The Council's Order was this:—


"Friday, 24th of February, 1653.

[SN: Order in Council on the Swedish prizes.]

"On consideration of several papers which came enclosed in a letter from the Lord Ambassador Whitelocke, and were this day presented to the Council, containing some complaints made by divers of the subjects of her Majesty of Sweden, viz. concerning a Swedish galliot called the 'Land of Promise,' and a ship called the 'Castle of Stockholm,' and certain goods taken out of the 'Gold Star' of Hamburg, and claimed as belonging to Alexander Ceccony, gentleman, principal officer of the Queen's wardrobe: Ordered, That several copies of the said papers be forthwith sent to the Judges of the Court of Admiralty and to the Commissioners for Prize Goods, to whom it is respectively referred, diligently to inform themselves of the true state of the said ship and goods, and what proceedings have been had in the Court of Admiralty or Prize Office touching the same or any of them, and thereof to make report to the Council. And it is especially recommended and given in charge to the said Judges that both in these and in all matters concerning the said Queen or her subjects, which do or shall depend before them, all right and fair respect be given upon all occasions; and that whatsoever of the said goods belonging to her Majesty's servant they shall discover, be by them ordered to be forthwith delivered.

"Ex^r W. JESSOP, "Clerk of the Council."

This Order Whitelocke caused to be translated into Latin, and sent copies of it to the Chancellor, to Grave Eric, to Mr. Ceccony, and to others; and he showed it to the Queen, and all were pleased with it, hoping for further fruit of it, and esteeming Whitelocke to be in good credit with his superiors.

March 24, 1653.

[SN: Reports of the negotiation to England.]

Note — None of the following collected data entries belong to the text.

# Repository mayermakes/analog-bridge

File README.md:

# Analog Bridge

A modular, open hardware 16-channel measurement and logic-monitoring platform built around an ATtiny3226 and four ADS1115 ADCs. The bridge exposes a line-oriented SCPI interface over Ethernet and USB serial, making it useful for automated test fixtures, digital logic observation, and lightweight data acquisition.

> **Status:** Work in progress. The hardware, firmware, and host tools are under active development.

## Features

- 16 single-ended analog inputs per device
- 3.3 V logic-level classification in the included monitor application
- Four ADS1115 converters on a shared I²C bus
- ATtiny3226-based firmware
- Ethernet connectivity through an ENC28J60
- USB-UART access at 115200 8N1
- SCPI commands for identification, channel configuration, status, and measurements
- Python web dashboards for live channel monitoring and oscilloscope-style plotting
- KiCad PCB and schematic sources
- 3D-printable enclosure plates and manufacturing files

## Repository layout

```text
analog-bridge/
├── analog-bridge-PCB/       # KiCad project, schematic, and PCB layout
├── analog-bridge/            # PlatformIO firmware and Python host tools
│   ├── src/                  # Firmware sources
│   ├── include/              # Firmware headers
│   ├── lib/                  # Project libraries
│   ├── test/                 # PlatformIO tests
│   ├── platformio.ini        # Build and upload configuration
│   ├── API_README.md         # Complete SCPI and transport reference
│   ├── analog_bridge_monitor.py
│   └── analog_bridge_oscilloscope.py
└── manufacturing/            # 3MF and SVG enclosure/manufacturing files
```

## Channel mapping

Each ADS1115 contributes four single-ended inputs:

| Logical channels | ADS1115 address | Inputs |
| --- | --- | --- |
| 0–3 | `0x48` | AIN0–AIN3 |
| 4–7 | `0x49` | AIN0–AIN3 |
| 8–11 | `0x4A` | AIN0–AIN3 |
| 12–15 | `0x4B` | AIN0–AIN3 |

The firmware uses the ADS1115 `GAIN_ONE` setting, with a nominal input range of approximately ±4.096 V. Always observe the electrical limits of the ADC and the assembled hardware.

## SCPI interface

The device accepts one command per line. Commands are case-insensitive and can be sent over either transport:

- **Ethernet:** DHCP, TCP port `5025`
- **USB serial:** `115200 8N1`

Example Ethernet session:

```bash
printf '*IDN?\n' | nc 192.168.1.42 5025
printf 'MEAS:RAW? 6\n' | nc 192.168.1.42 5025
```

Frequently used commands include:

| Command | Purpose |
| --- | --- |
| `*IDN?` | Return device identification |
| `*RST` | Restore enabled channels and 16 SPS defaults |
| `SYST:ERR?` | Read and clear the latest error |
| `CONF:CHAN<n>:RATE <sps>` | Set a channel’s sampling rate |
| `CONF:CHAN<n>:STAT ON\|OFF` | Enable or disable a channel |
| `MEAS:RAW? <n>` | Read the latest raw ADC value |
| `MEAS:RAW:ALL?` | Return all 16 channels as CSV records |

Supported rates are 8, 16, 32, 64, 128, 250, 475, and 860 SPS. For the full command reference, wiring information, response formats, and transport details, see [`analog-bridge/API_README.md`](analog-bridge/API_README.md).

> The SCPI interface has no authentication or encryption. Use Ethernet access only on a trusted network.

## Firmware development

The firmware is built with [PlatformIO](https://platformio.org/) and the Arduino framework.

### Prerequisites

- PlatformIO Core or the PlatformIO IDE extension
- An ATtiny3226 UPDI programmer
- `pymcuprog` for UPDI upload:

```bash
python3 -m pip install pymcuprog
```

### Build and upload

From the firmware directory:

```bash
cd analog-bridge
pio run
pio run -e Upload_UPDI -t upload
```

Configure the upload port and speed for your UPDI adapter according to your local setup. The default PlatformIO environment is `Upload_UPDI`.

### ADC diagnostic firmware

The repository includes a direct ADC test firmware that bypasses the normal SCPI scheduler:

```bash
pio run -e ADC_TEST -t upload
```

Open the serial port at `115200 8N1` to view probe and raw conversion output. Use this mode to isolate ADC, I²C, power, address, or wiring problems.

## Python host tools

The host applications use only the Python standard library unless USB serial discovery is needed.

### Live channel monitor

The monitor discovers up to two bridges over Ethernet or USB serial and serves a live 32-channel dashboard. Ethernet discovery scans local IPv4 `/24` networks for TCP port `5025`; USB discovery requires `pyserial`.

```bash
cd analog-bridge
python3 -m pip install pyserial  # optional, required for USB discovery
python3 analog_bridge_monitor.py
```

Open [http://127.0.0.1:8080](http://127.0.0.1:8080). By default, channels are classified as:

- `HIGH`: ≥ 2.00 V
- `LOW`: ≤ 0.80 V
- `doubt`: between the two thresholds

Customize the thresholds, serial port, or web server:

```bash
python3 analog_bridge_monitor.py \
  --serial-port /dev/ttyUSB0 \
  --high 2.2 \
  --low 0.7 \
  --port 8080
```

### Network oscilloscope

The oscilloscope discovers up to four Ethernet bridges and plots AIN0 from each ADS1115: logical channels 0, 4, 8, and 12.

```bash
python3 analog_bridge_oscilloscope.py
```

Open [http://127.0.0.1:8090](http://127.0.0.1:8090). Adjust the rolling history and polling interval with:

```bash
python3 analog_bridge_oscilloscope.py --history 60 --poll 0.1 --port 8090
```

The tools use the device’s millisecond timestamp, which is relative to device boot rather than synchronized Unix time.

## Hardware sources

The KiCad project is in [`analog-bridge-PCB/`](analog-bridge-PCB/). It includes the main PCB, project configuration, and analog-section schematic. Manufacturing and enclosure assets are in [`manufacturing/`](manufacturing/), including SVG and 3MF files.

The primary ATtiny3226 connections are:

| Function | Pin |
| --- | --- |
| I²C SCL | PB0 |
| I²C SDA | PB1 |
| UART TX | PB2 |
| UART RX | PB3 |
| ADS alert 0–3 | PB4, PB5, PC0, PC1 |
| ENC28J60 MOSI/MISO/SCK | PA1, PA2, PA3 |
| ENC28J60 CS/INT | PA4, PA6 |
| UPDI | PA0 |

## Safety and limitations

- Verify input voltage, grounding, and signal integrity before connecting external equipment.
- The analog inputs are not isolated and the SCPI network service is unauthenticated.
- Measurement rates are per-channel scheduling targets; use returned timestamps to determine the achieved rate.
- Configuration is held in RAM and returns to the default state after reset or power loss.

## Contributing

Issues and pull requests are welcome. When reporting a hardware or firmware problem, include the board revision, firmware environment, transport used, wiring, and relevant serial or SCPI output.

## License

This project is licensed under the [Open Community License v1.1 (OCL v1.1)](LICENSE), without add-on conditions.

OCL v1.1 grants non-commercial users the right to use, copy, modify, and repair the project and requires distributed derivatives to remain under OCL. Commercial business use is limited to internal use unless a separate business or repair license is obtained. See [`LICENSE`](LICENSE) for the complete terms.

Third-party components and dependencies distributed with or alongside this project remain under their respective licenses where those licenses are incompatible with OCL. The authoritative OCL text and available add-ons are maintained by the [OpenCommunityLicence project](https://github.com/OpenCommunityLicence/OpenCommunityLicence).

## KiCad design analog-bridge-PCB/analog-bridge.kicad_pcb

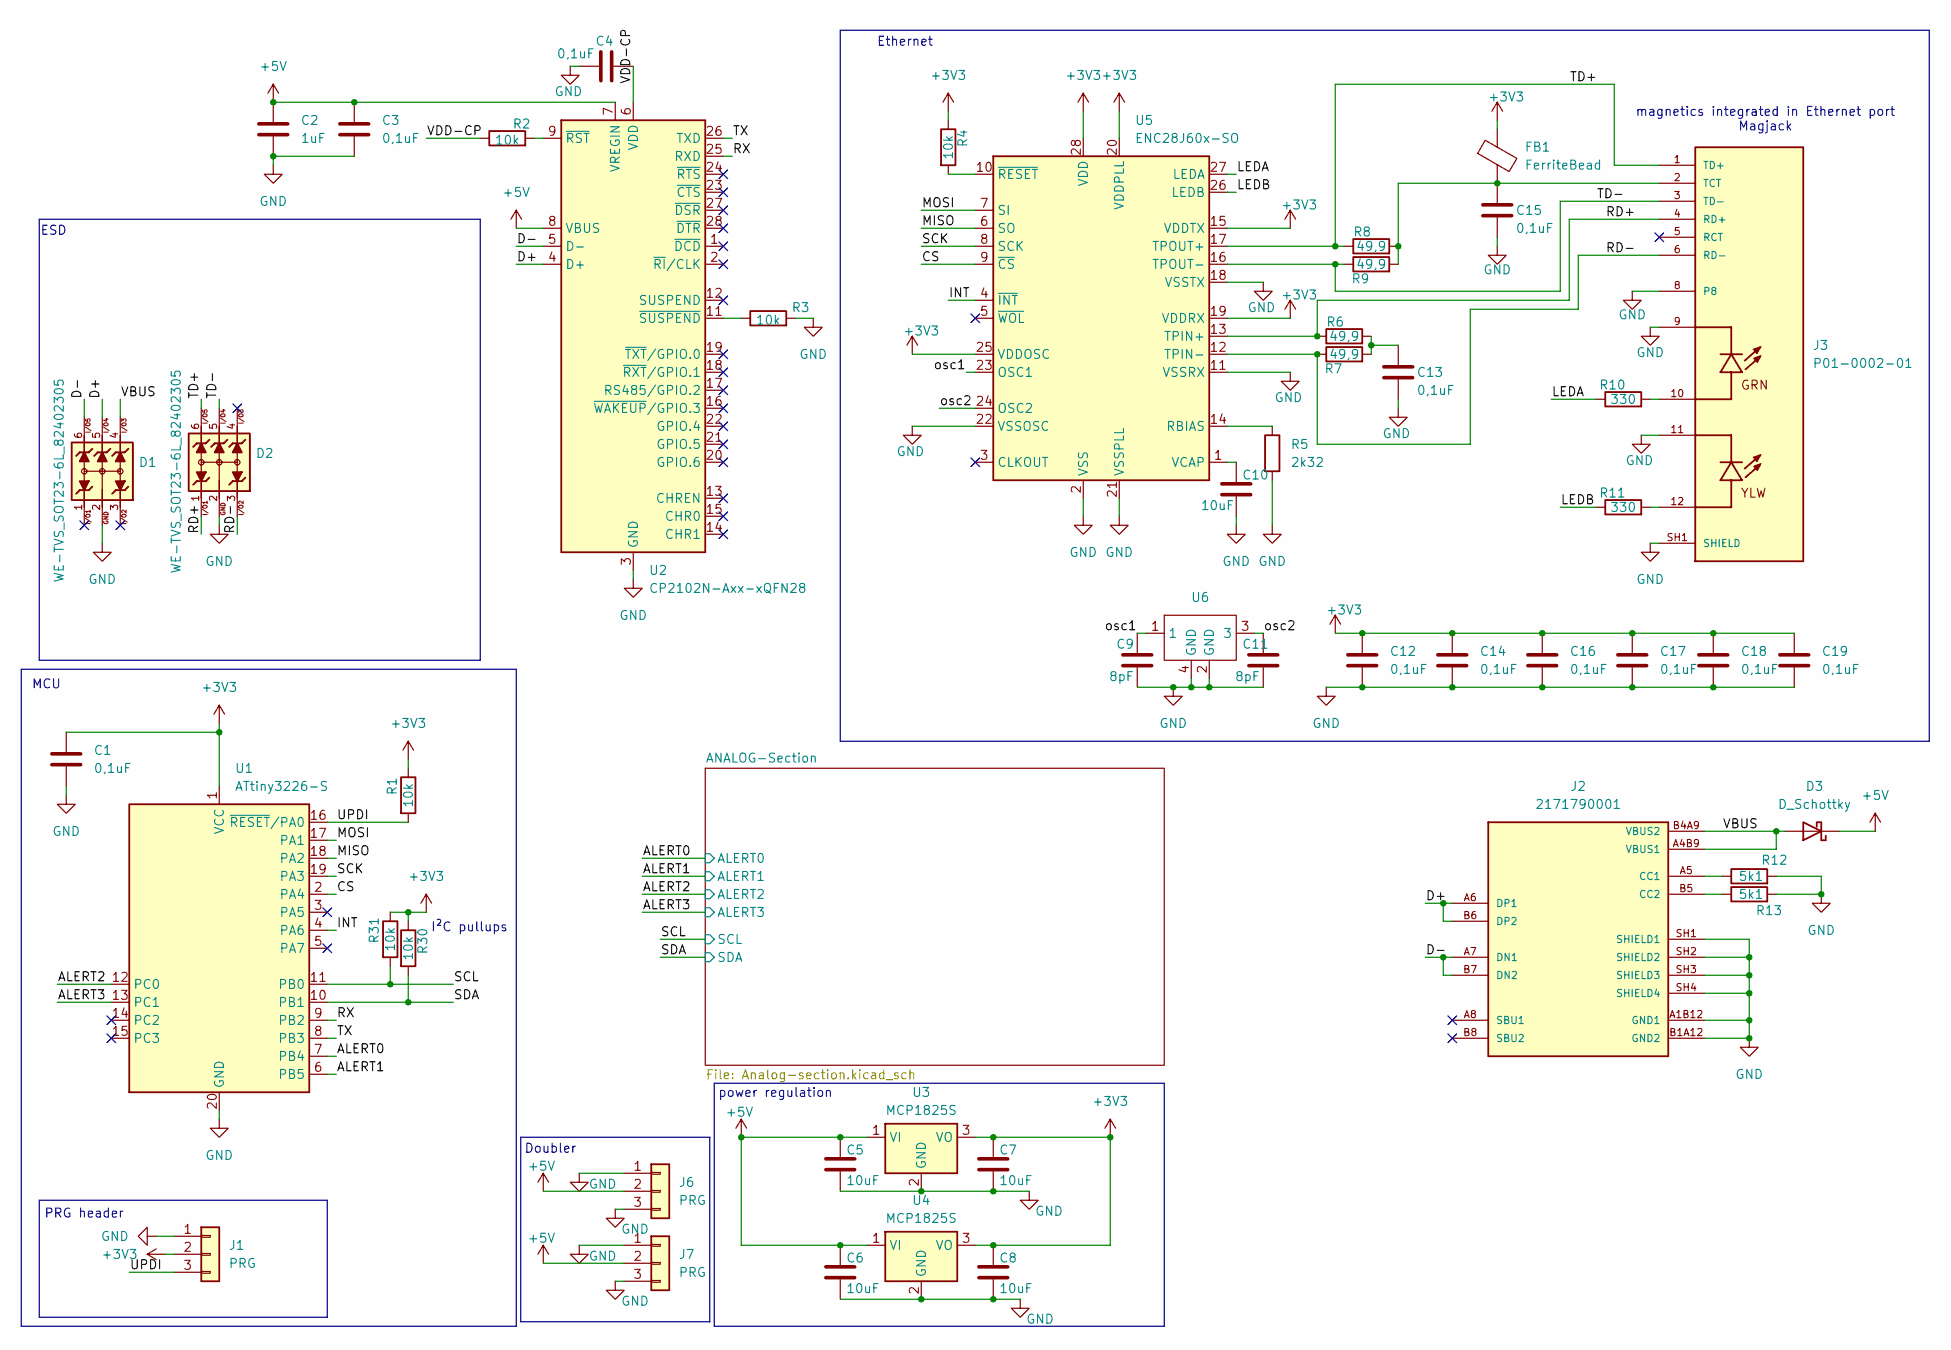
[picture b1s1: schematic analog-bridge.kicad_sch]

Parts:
C1, C3, C4, C12, C13, C14, C15, C16, C17, C18, C19: 0,1uF; C_0603_1608Metric
C2: 1uF; C_0603_1608Metric
C5, C6, C7, C8, C10: 10uF; C_0603_1608Metric
C9, C11: 8pF; C_0603_1608Metric
D1, D2: WE-TVS_SOT23-6L_82402305; WE-TVS_SOT23-6L
D3: D_Schottky; D_0603_1608Metric
FB1: FerriteBead; L_0603_1608Metric
J1, J6, J7: PRG; PinHeader_1x03_P2.54mm_Vertical
J2: 2171790001; MOLEX_2171790001; PARTREV A1
J3: P01-0002-01; BEL_P01-0002-01; PARTREV 1
R1, R2, R3, R4, R30, R31: 10k; R_0603_1608Metric
R5: 2k32; R_0603_1608Metric
R6, R7, R8, R9: 49,9; R_0603_1608Metric
R10, R11: 330; R_0603_1608Metric
R12, R13: 5k1; R_0603_1608Metric
U1: ATtiny3226-S; SOIC-20W_7.5x12.8mm_P1.27mm
U2: CP2102N-Axx-xQFN28; QFN-28-1EP_5x5mm_P0.5mm_EP3.35x3.35mm
U3, U4: MCP1825S; SOT-223-3_TabPin2
U5: ENC28J60x-SO; SOIC-28W_7.5x18.7mm_P1.27mm
U6: Crystal_SMD_2520-4Pin_2.5x2.0mm

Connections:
+3V3: C1.1, C7.1, C8.1, C12.1, C14.1, C16.1, C17.1, C18.1, C19.1, FB1.1, J1.2, R1.1, R4.1, R30.1, R31.1, U1.1 (VCC), U3.3 (VO), U4.3 (VO), U5.15 (VDDTX), U5.19 (VDDRX), U5.20 (VDDPLL), U5.25 (VDDOSC), U5.28 (VDD); also elsewhere on the board
+5V: C2.1, C3.1, C5.1, C6.1, D3.1 (K), J6.2, J7.2, U2.7 (VREGIN), U2.8 (VBUS), U3.1 (VI), U4.1 (VI)
/ALERT0: U1.7 (PB4); also elsewhere on the board
/ALERT1: U1.6 (PB5); also elsewhere on the board
/ALERT2: U1.12 (PC0); also elsewhere on the board
/ALERT3: U1.13 (PC1); also elsewhere on the board
/CS: U1.2 (PA4), U5.9 (~CS)
/D+: D1.5, J2.A6 (DP1), J2.B6 (DP2), U2.4 (D+)
/D-: D1.6, J2.A7 (DN1), J2.B7 (DN2), U2.5 (D-)
/INT: U1.4 (PA6), U5.4 (~INT)
/LEDA: R10.1, U5.27 (LEDA)
/LEDB: R11.1, U5.26 (LEDB)
/MISO: U1.18 (PA2), U5.6 (SO)
/MOSI: U1.17 (PA1), U5.7 (SI)
/RD+: D2.1, J3.4 (RD+), R6.1, U5.13 (TPIN+)
/RD-: D2.3, J3.6 (RD-), R7.1, U5.12 (TPIN-)
/RX: U1.9 (PB2), U2.25 (RXD)
/SCK: U1.19 (PA3), U5.8 (SCK)
/SCL: R31.2, U1.11 (PB0); also elsewhere on the board
/SDA: R30.2, U1.10 (PB1); also elsewhere on the board
/TD+: D2.6, J3.1 (TD+), R8.1, U5.17 (TPOUT+)
/TD-: D2.5, J3.3 (TD-), R9.1, U5.16 (TPOUT-)
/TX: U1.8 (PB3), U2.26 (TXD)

Whitelocke made his despatches for England, and wrote above twenty letters to several of his friends there, finding it grateful to them to receive letters from him at such a distance; and that answers to letters are expected, and ill taken if neglected; that they cost little, and please much. He was hindered by Woolfeldt, who made a long visit to him, though upon the post day; at which he wondered, in regard Woolfeldt had been himself often employed as a public minister, and knew so well what belonged to the making of despatches.